Integrating a Client or Vendor with Alli Cloud Storage

Introduction

Alli Cloud Storage, based on AWS S3, provides a handful of different options when setting up integrations with clients or vendors. It gives us the capability to share files from Alli, or receive and ingest files from third parties. When we onboard a new client to Alli they are provisioned with their own S3 bucket that can be accessed from anywhere within Alli. S3 has become an industry standard for file storage and transfer, so many tools and vendors support it directly. Because of this, there are a number of options when integrating with clients and the tools or vendors they use.

The following presents some common scenarios for sharing via S3 and what information we need from the client, and what information we should share with them.

When requesting a new integration please open an ASD request with as much information as possible so we can quickly choose the appropriate scenario.

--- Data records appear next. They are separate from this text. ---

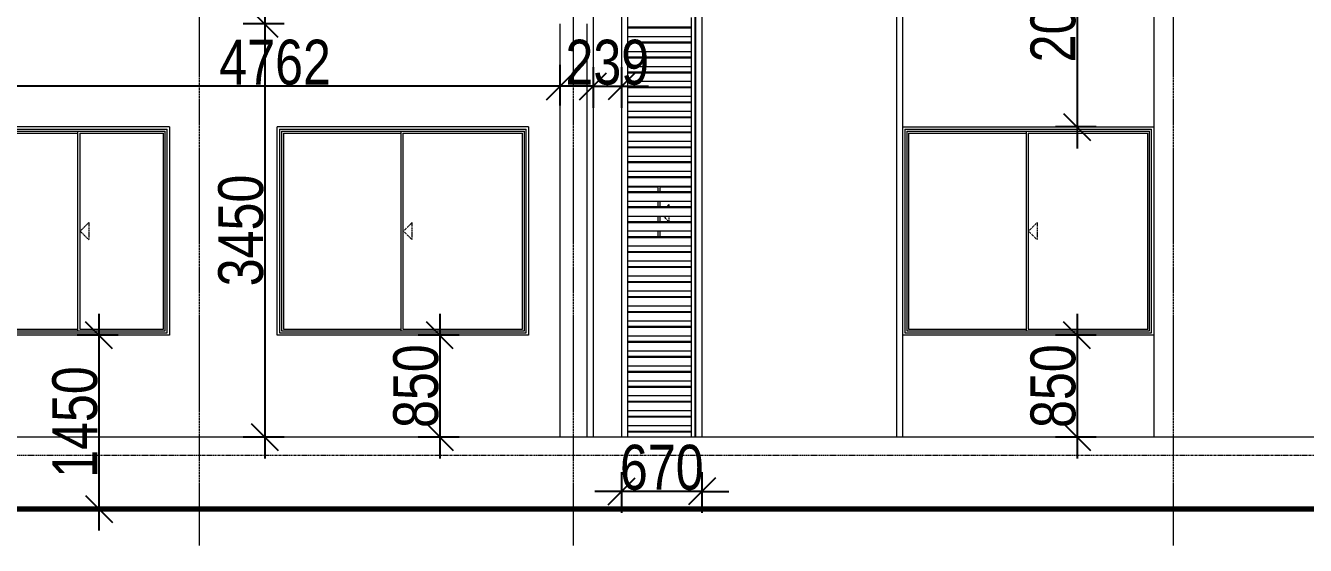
# Model space of a CAD drawing. Header units: millimetres. Extents: x -35190 to 411743, y -233114 to 23872.
# Drawn here: x 98985 to 109675, y -164512 to -160171 of the extents above; entities that cross this region are included whole.
import ezdxf

# ---------------------------------------------------------------- set-up
doc = ezdxf.new("R2010")
doc.units = ezdxf.units.MM
doc.linetypes.add('Centre', pattern=[31.75, 6.35, -4.7625, 15.875, -4.7625])
doc.linetypes.add('Grid Line', pattern=[22.225, 12.7, -3.175, 3.175, -3.175])
for name, color, linetype, lineweight in [('A-ANNO-DIMS', 211, 'Continuous', 9), ('A-DETL-WIDE', 214, 'Continuous', 70), ('A-FLOR-LEVL', 51, 'Continuous', 18), ('A-GLAZ', 151, 'Continuous', 18), ('A-GLAZ-CURT', 52, 'Continuous', 18), ('A-GLAZ-CWMG', 51, 'Continuous', 18), ('A-WALL', 113, 'Continuous', 18), ('Q-CASE', 31, 'Continuous', 18), ('S-GRID', 1, 'Continuous', 9)]:
    doc.layers.add(name, color=color, linetype=linetype, lineweight=lineweight)
doc.styles.add('Arial_3', font='arial.ttf', dxfattribs={"width": 0.8, "height": 375})
doc.dimstyles.new('main_4_5mm', dxfattribs={"dimscale": 304.8, "dimtxt": 382.597275, "dimasz": 0.738189, "dimexe": 0.590551, "dimexo": 0.0625, "dimgap": 0.024606, "dimtad": 1, "dimdec": 0, "dimzin": 0, "dimdsep": 46, "dimtxsty": 'Arial_3', "dimblk1": 'OBLIQUE', "dimblk2": 'OBLIQUE', "dimsah": 1, "dimcen": 0.09, "dimdle": 0.590551, "dimazin": 0, "dimtfac": 1, "dimtdec": 4, "dimtix": 1, "dimtmove": 0, "dimatfit": 3, "dimfxl": 0.590551, "dimfxlon": 1, "dimtvp": 1, "dimtolj": 1, "dimtzin": 0, "dimarcsym": 2})

# ---------------------------------------------------------------- blocks, each defined once
blk = doc.blocks.new('Sliding - 2L - SL2_1 X 1_8-V1-South')
at = {"layer": 'A-GLAZ'}
for p, q in [((34079, 3170), (34079, 1470)), ((34079, 3170), (36139, 3170)), ((34095, 3154), (34095, 1486)), ((34095, 3154), (36123, 3154)), ((34110, 3139), (34110, 1501)), ((34110, 3139), (35094, 3139)), ((35094, 1486), (35094, 3154)), ((35094, 1501), (35094, 3139)), ((35109, 3139), (35109, 1501)), ((35109, 3139), (36108, 3139)), ((36108, 1501), (36108, 3139)), ((36123, 1486), (36123, 3154)), ((36139, 1470), (36139, 3170)), ((34110, 1501), (35094, 1501)), ((35109, 1501), (36108, 1501)), ((34079, 1470), (36139, 1470)), ((34095, 1486), (36123, 1486))]:
    blk.add_line(p, q, dxfattribs=at)
at = {"layer": 'A-GLAZ', "linetype": 'Centre'}
for p, q in [((35113, 2320), (35183, 2391)), ((35183, 2391), (35183, 2249)), ((35113, 2320), (35183, 2249))]:
    blk.add_line(p, q, dxfattribs=at)
blk = doc.blocks.new('Sliding - 2L - SL2_1 X 1_8-V2-South')
at = {"layer": 'A-GLAZ'}
for p, q in [((30936, 3190), (28836, 3190)), ((28836, 1450), (28836, 3190)), ((28856, 3170), (28856, 1470)), ((28856, 3170), (30916, 3170)), ((28872, 3154), (28872, 1486)), ((28872, 3154), (30900, 3154)), ((28888, 3139), (28888, 1501)), ((28888, 3139), (29871, 3139)), ((29871, 1486), (29871, 3154)), ((29871, 1501), (29871, 3139)), ((29886, 3139), (29886, 1501)), ((29886, 3139), (30885, 3139)), ((30885, 1501), (30885, 3139)), ((30900, 1486), (30900, 3154)), ((30916, 1470), (30916, 3170)), ((30936, 3190), (30936, 1450)), ((28888, 1501), (29871, 1501)), ((29886, 1501), (30885, 1501)), ((30936, 1450), (28836, 1450)), ((28856, 1470), (30916, 1470)), ((28872, 1486), (30900, 1486))]:
    blk.add_line(p, q, dxfattribs=at)
at = {"layer": 'A-GLAZ', "linetype": 'Centre'}
for p, q in [((29890, 2320), (29961, 2391)), ((29961, 2391), (29961, 2249)), ((29890, 2320), (29961, 2249))]:
    blk.add_line(p, q, dxfattribs=at)
blk = doc.blocks.new('Sliding - 2L - SL1_5 X 1_8-V5-South')
at = {"layer": 'A-GLAZ'}
for p, q in [((27936, 3190), (26436, 3190)), ((26456, 3170), (26456, 1470)), ((26456, 3170), (27916, 3170)), ((26472, 3154), (26472, 1486)), ((26472, 3154), (27900, 3154)), ((26488, 3139), (26488, 1501)), ((26488, 3139), (27171, 3139)), ((27171, 1486), (27171, 3154)), ((27171, 1501), (27171, 3139)), ((27186, 3139), (27186, 1501)), ((27186, 3139), (27885, 3139)), ((27885, 1501), (27885, 3139)), ((27900, 1486), (27900, 3154)), ((27916, 1470), (27916, 3170)), ((27936, 3190), (27936, 1450)), ((26488, 1501), (27171, 1501)), ((27186, 1501), (27885, 1501)), ((27936, 1450), (26436, 1450)), ((26456, 1470), (27916, 1470)), ((26472, 1486), (27900, 1486))]:
    blk.add_line(p, q, dxfattribs=at)
at = {"layer": 'A-GLAZ', "linetype": 'Centre'}
for p, q in [((27190, 2320), (27261, 2391)), ((27261, 2391), (27261, 2249)), ((27190, 2320), (27261, 2249))]:
    blk.add_line(p, q, dxfattribs=at)
blk = doc.blocks.new('Casework 1 - Casework 1-478824-South')
at = {"layer": 'Q-CASE'}
for p, q in [((31474, 10690), (31474, 600)), ((31713, 10690), (31713, 600)), ((31763, 10690), (31763, 600)), ((32333, 600), (32333, 10690)), ((32383, 10690), (32383, 600)), ((34009, 10690), (34009, 600)), ((34059, 10690), (34059, 600)), ((36159, 10690), (36159, 600)), ((31424, 600), (31424, 4050)), ((34059, 3190), (36159, 3190)), ((36159, 1450), (34059, 1450)), ((42349, 600), (22274, 600)), ((22274, 0), (42349, 0))]:
    blk.add_line(p, q, dxfattribs=at)
blk = doc.blocks.new('grill panel - grill panel-V29-South')
at = {"layer": 'A-GLAZ-CURT'}
for p, q in [((32294, 647), (31763, 647)), ((32294, 647), (32294, 640)), ((32294, 640), (31763, 640)), ((32294, 640), (32294, 615))]:
    blk.add_line(p, q, dxfattribs=at)
blk = doc.blocks.new('grill panel - grill panel-V30-South')
at = {"layer": 'A-GLAZ-CURT'}
for p, q in [((32294, 772), (31763, 772)), ((32294, 765), (31763, 765)), ((32294, 772), (32294, 765)), ((32294, 765), (32294, 740)), ((32294, 693), (31763, 693))]:
    blk.add_line(p, q, dxfattribs=at)
blk = doc.blocks.new('Rectangular Mullion - 30mm Square-695041-South')
at = {"layer": 'A-GLAZ-CWMG'}
blk.add_line((32294, 605), (32294, 600), dxfattribs=at)
blk = doc.blocks.new('Rectangular Mullion - 30mm Square-695042-South')
at = {"layer": 'A-GLAZ-CWMG'}
for p, q in [((32294, 730), (32294, 647)), ((32294, 615), (32294, 605))]:
    blk.add_line(p, q, dxfattribs=at)
blk = doc.blocks.new('Sliding - 2L - SL_6-674563-South')
at = {"layer": 'A-GLAZ'}
for p, q in [((31763, 2689), (32018, 2689)), ((32018, 2647), (32018, 2693)), ((32018, 2647), (32018, 2689)), ((32033, 2689), (32033, 2647)), ((32033, 2689), (32294, 2689)), ((32018, 2522), (32018, 2568)), ((32018, 2522), (32018, 2568)), ((32033, 2568), (32033, 2522)), ((32018, 2397), (32018, 2443)), ((32018, 2397), (32018, 2443)), ((32033, 2443), (32033, 2397)), ((32018, 2272), (32018, 2318)), ((32018, 2272), (32018, 2318)), ((32033, 2318), (32033, 2272))]:
    blk.add_line(p, q, dxfattribs=at)
at = {"layer": 'A-GLAZ', "linetype": 'Centre'}
for p, q in [((32089, 2522), (32107, 2541)), ((32107, 2541), (32107, 2522)), ((32064, 2443), (32107, 2399)), ((32107, 2443), (32107, 2399))]:
    blk.add_line(p, q, dxfattribs=at)
blk = doc.blocks.new('_Oblique')
at = {"color": 0, "linetype": 'ByBlock', "lineweight": -2}
blk.add_line((-0.5, -0.5), (0.5, 0.5), dxfattribs=at)
blk = doc.blocks.new('*D2219')
at = {"layer": 'A-ANNO-DIMS', "color": 0, "lineweight": -2, "transparency": 16777216}
for p, q in [((107768, -158827), (107768, -161197)), ((107929, -159007), (107588, -159007)), ((107929, -161017), (107588, -161017))]:
    blk.add_line(p, q, dxfattribs=at)
at = {"layer": 'Defpoints', "color": 0, "transparency": 16777216}
for p in [(107948, -159007), (107768, -161017), (107948, -161017)]:
    blk.add_point(p, dxfattribs=at)
at = {"layer": 'A-ANNO-DIMS', "color": 0, "lineweight": -2, "transparency": 16777216, "xscale": 224.9999999999999, "yscale": 224.9999999999999, "zscale": 224.9999999999999}
for p, rotation in [((107768, -159007), 90), ((107768, -161017), 270)]:
    blk.add_blockref('_Oblique', p, dxfattribs=dict(at, rotation=rotation))
at = {"layer": 'A-ANNO-DIMS', "color": 0, "transparency": 16777216, "insert": (107569, -160012), "char_height": 375, "width": 991.69, "attachment_point": 5, "rotation": 90, "style": 'Arial_3'}
blk.add_mtext('\\A1;2010', dxfattribs=at)
blk = doc.blocks.new('*D2222')
at = {"layer": 'A-ANNO-DIMS', "color": 0, "lineweight": -2, "transparency": 16777216}
for p, q in [((107768, -162577), (107768, -163787)), ((107929, -162757), (107588, -162757)), ((107929, -163607), (107588, -163607))]:
    blk.add_line(p, q, dxfattribs=at)
at = {"layer": 'Defpoints', "color": 0, "transparency": 16777216}
for p in [(107948, -162757), (107768, -163607), (107948, -163607)]:
    blk.add_point(p, dxfattribs=at)
at = {"layer": 'A-ANNO-DIMS', "color": 0, "lineweight": -2, "transparency": 16777216, "xscale": 224.9999999999999, "yscale": 224.9999999999999, "zscale": 224.9999999999999}
for p, rotation in [((107768, -162757), 90), ((107768, -163607), 270)]:
    blk.add_blockref('_Oblique', p, dxfattribs=dict(at, rotation=rotation))
at = {"layer": 'A-ANNO-DIMS', "color": 0, "transparency": 16777216, "insert": (107569, -163182), "char_height": 375, "width": 743.77, "attachment_point": 5, "rotation": 90, "style": 'Arial_3'}
blk.add_mtext('\\A1;850', dxfattribs=at)
blk = doc.blocks.new('*D2224')
at = {"layer": 'A-ANNO-DIMS', "color": 0, "lineweight": -2, "transparency": 16777216}
for p, q in [((103964, -163900), (103964, -164241)), ((104634, -163900), (104634, -164241)), ((103964, -164061), (103739, -164061)), ((104634, -164061), (103964, -164061)), ((104634, -164061), (104859, -164061))]:
    blk.add_line(p, q, dxfattribs=at)
at = {"layer": 'Defpoints', "color": 0, "transparency": 16777216}
for p in [(103964, -163881), (104634, -163881), (103964, -164061)]:
    blk.add_point(p, dxfattribs=at)
at = {"layer": 'A-ANNO-DIMS', "color": 0, "lineweight": -2, "transparency": 16777216, "xscale": 224.9999999999999, "yscale": 224.9999999999999, "zscale": 224.9999999999999}
blk.add_blockref('_Oblique', (103964, -164061), dxfattribs=at)
at = {"layer": 'A-ANNO-DIMS', "color": 0, "lineweight": -2, "transparency": 16777216, "xscale": 224.9999999999999, "yscale": 224.9999999999999, "zscale": 224.9999999999999, "rotation": 180}
blk.add_blockref('_Oblique', (104634, -164061), dxfattribs=at)
at = {"layer": 'A-ANNO-DIMS', "color": 0, "transparency": 16777216, "insert": (104299, -163862), "char_height": 375, "width": 743.77, "attachment_point": 5, "style": 'Arial_3'}
blk.add_mtext('\\A1;670', dxfattribs=at)
blk = doc.blocks.new('*D2225')
at = {"layer": 'A-ANNO-DIMS', "color": 0, "lineweight": -2, "transparency": 16777216}
for p, q in [((103725, -160517), (103725, -160858)), ((103964, -160517), (103964, -160858)), ((103725, -160678), (103500, -160678)), ((103725, -160678), (103964, -160678)), ((103964, -160678), (104189, -160678))]:
    blk.add_line(p, q, dxfattribs=at)
at = {"layer": 'Defpoints', "color": 0, "transparency": 16777216}
for p in [(103725, -160498), (103964, -160498), (103964, -160678)]:
    blk.add_point(p, dxfattribs=at)
at = {"layer": 'A-ANNO-DIMS', "color": 0, "lineweight": -2, "transparency": 16777216, "xscale": 224.9999999999999, "yscale": 224.9999999999999, "zscale": 224.9999999999999}
blk.add_blockref('_Oblique', (103725, -160678), dxfattribs=at)
at = {"layer": 'A-ANNO-DIMS', "color": 0, "lineweight": -2, "transparency": 16777216, "xscale": 224.9999999999999, "yscale": 224.9999999999999, "zscale": 224.9999999999999, "rotation": 180}
blk.add_blockref('_Oblique', (103964, -160678), dxfattribs=at)
at = {"layer": 'A-ANNO-DIMS', "color": 0, "transparency": 16777216, "insert": (103844, -160479), "char_height": 375, "width": 743.77, "attachment_point": 5, "style": 'Arial_3'}
blk.add_mtext('\\A1;239', dxfattribs=at)
blk = doc.blocks.new('*D2226')
at = {"layer": 'A-ANNO-DIMS', "color": 0, "lineweight": -2, "transparency": 16777216}
for p, q in [((100983, -159977), (100983, -163787)), ((101144, -160157), (100803, -160157)), ((101144, -163607), (100803, -163607))]:
    blk.add_line(p, q, dxfattribs=at)
at = {"layer": 'Defpoints', "color": 0, "transparency": 16777216}
for p in [(101163, -160157), (100983, -163607), (101163, -163607)]:
    blk.add_point(p, dxfattribs=at)
at = {"layer": 'A-ANNO-DIMS', "color": 0, "lineweight": -2, "transparency": 16777216, "xscale": 224.9999999999999, "yscale": 224.9999999999999, "zscale": 224.9999999999999}
for p, rotation in [((100983, -160157), 90), ((100983, -163607), 270)]:
    blk.add_blockref('_Oblique', p, dxfattribs=dict(at, rotation=rotation))
at = {"layer": 'A-ANNO-DIMS', "color": 0, "transparency": 16777216, "insert": (100784, -161882), "char_height": 375, "width": 991.69, "attachment_point": 5, "rotation": 90, "style": 'Arial_3'}
blk.add_mtext('\\A1;3450', dxfattribs=at)
blk = doc.blocks.new('*D2227')
at = {"layer": 'A-ANNO-DIMS', "color": 0, "lineweight": -2, "transparency": 16777216}
for p, q in [((102445, -162577), (102445, -163787)), ((102606, -162757), (102265, -162757)), ((102606, -163607), (102265, -163607))]:
    blk.add_line(p, q, dxfattribs=at)
at = {"layer": 'Defpoints', "color": 0, "transparency": 16777216}
for p in [(102625, -162757), (102445, -163607), (102625, -163607)]:
    blk.add_point(p, dxfattribs=at)
at = {"layer": 'A-ANNO-DIMS', "color": 0, "lineweight": -2, "transparency": 16777216, "xscale": 224.9999999999999, "yscale": 224.9999999999999, "zscale": 224.9999999999999}
for p, rotation in [((102445, -162757), 90), ((102445, -163607), 270)]:
    blk.add_blockref('_Oblique', p, dxfattribs=dict(at, rotation=rotation))
at = {"layer": 'A-ANNO-DIMS', "color": 0, "transparency": 16777216, "insert": (102246, -163182), "char_height": 375, "width": 743.77, "attachment_point": 5, "rotation": 90, "style": 'Arial_3'}
blk.add_mtext('\\A1;850', dxfattribs=at)
blk = doc.blocks.new('*D2228')
at = {"layer": 'A-ANNO-DIMS', "color": 0, "lineweight": -2, "transparency": 16777216}
for p, q in [((99597, -162577), (99597, -164387)), ((99758, -162757), (99417, -162757)), ((99758, -164207), (99417, -164207))]:
    blk.add_line(p, q, dxfattribs=at)
at = {"layer": 'Defpoints', "color": 0, "transparency": 16777216}
for p in [(99777, -162757), (99597, -164207), (99777, -164207)]:
    blk.add_point(p, dxfattribs=at)
at = {"layer": 'A-ANNO-DIMS', "color": 0, "lineweight": -2, "transparency": 16777216, "xscale": 224.9999999999999, "yscale": 224.9999999999999, "zscale": 224.9999999999999}
for p, rotation in [((99597, -162757), 90), ((99597, -164207), 270)]:
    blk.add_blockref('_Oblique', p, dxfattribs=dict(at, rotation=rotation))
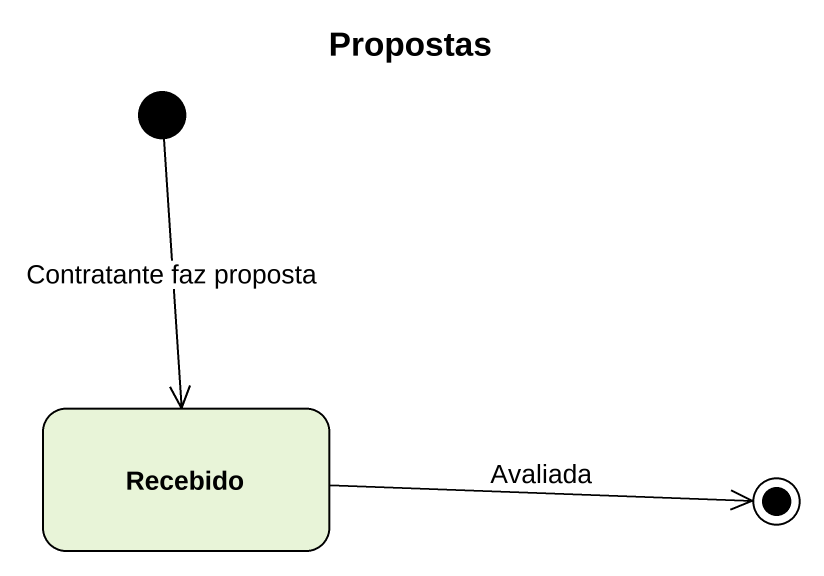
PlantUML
@startuml
title Propostas
hide empty description
state Recebido
[*] --> Recebido : Contratante faz proposta
Recebido -right-> [*] : Avaliada
@enduml

Client/Vendor’s Workflow is in AWS

This is the easiest and most secure scenario and doesn’t require sharing any API keys, only setting up a trusted relationship between our AWS account and theirs. We do this by granting a role or user in their account the ability to access the S3 bucket in our account.

Assumed Role

This gives third parties the ability to assume a role in our AWS account thus giving them access to the client S3 bucket. In order to implement this type of integration we need the following information from the client or their vendor:

• AWS Role or User ARN: Following are some examples

  CODE

  arn:aws:iam::1234567890:user/ClientUser-abcd
  arn:aws:iam::1234567890:role/VendorRole-abcd

• An optional External ID: This will be a random alphanumeric string that provides an added layer of security. It is optional, but some vendor tools require it. For example, it could look something like this

  CODE

  id_YjJmODYzMmMtMDhhMy0xMWVmLTg1ZjEtMDM3MmViYjJjNDEyCg==

After we receive the above information we will be able to set up the trust relationship and allow their tools to assume a role in our AWS account which can access the client’s S3 bucket.

Direct Trust

The next option for an AWS-hosted workflow is directly trusting an external entity to write to our S3 bucket. This doesn’t require the intermediate step of assuming another role, so it is sometimes easier for less sophisticated clients or vendors to set up with their available tools. In this case, we only need a user or role ARN like the above assumed role.

Workflow Outside of AWS

In this case, the only straightforward option is to provide the client with an Access Key ID and Secret. Any tool which can communicate with S3 will be able to use these credentials, but we present this option as a last resort because it uses long-lived credentials versus temporary credentials like the solutions above.

Access Key ID and Secret

The only information we need in this case is the client and a vendor or purpose for the integration so we can describe the integration on our end for tracking. For example, if we are doing an Adobe integration for Kohler, we would call this integration kohler_adobe.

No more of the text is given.